__Assigned task__
Every entry must be set down exactly in the answer; no pictures should appear.

__Listed records__

==*==

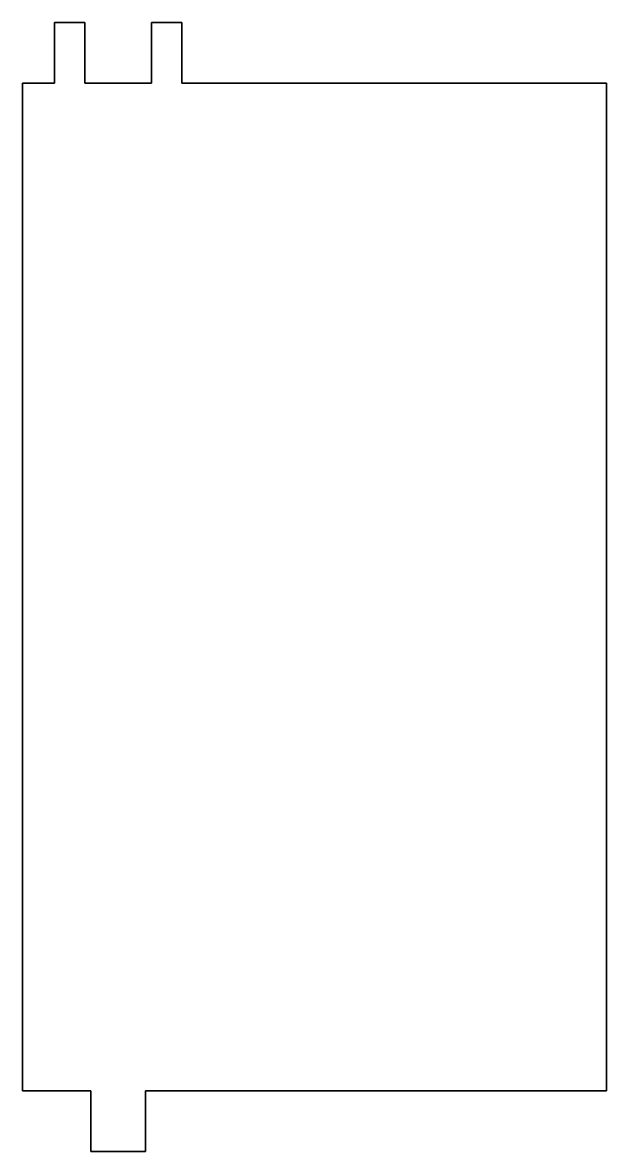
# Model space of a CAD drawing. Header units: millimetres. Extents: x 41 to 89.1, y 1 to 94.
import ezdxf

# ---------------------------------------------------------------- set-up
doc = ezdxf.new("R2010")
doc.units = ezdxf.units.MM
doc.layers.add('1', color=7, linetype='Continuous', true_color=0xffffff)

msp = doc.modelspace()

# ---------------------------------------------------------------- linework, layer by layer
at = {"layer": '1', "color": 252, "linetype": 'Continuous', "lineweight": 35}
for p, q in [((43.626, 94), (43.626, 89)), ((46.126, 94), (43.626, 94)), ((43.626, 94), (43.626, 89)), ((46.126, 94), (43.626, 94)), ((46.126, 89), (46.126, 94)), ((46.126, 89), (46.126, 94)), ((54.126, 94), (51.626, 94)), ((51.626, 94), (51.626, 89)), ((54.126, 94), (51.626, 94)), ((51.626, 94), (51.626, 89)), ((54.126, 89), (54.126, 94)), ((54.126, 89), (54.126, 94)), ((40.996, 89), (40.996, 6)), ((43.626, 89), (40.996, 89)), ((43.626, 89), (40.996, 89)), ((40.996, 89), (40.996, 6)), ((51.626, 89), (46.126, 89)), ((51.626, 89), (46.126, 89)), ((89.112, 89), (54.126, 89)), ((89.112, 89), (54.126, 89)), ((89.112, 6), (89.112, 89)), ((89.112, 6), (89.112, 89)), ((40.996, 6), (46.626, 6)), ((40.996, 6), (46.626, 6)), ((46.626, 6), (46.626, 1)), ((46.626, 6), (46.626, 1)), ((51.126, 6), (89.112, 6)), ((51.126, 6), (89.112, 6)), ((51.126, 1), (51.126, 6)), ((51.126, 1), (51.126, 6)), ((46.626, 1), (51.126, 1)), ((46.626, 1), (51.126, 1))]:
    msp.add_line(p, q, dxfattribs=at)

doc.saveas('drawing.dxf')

==*==

__Completed task__
# Model space of a CAD drawing. Header units: millimetres. Extents: x 41 to 89.1, y 1 to 94.
import ezdxf

# ---------------------------------------------------------------- set-up
doc = ezdxf.new("R2010")
doc.units = ezdxf.units.MM
doc.layers.add('1', color=7, linetype='Continuous', true_color=0xffffff)

msp = doc.modelspace()

# ---------------------------------------------------------------- linework, layer by layer
at = {"layer": '1', "color": 252, "linetype": 'Continuous', "lineweight": 35}
for p, q in [((43.626, 94), (43.626, 89)), ((46.126, 94), (43.626, 94)), ((43.626, 94), (43.626, 89)), ((46.126, 94), (43.626, 94)), ((46.126, 89), (46.126, 94)), ((46.126, 89), (46.126, 94)), ((54.126, 94), (51.626, 94)), ((51.626, 94), (51.626, 89)), ((54.126, 94), (51.626, 94)), ((51.626, 94), (51.626, 89)), ((54.126, 89), (54.126, 94)), ((54.126, 89), (54.126, 94)), ((40.996, 89), (40.996, 6)), ((43.626, 89), (40.996, 89)), ((43.626, 89), (40.996, 89)), ((40.996, 89), (40.996, 6)), ((51.626, 89), (46.126, 89)), ((51.626, 89), (46.126, 89)), ((89.112, 89), (54.126, 89)), ((89.112, 89), (54.126, 89)), ((89.112, 6), (89.112, 89)), ((89.112, 6), (89.112, 89)), ((40.996, 6), (46.626, 6)), ((40.996, 6), (46.626, 6)), ((46.626, 6), (46.626, 1)), ((46.626, 6), (46.626, 1)), ((51.126, 6), (89.112, 6)), ((51.126, 6), (89.112, 6)), ((51.126, 1), (51.126, 6)), ((51.126, 1), (51.126, 6)), ((46.626, 1), (51.126, 1)), ((46.626, 1), (51.126, 1))]:
    msp.add_line(p, q, dxfattribs=at)

doc.saveas('drawing.dxf')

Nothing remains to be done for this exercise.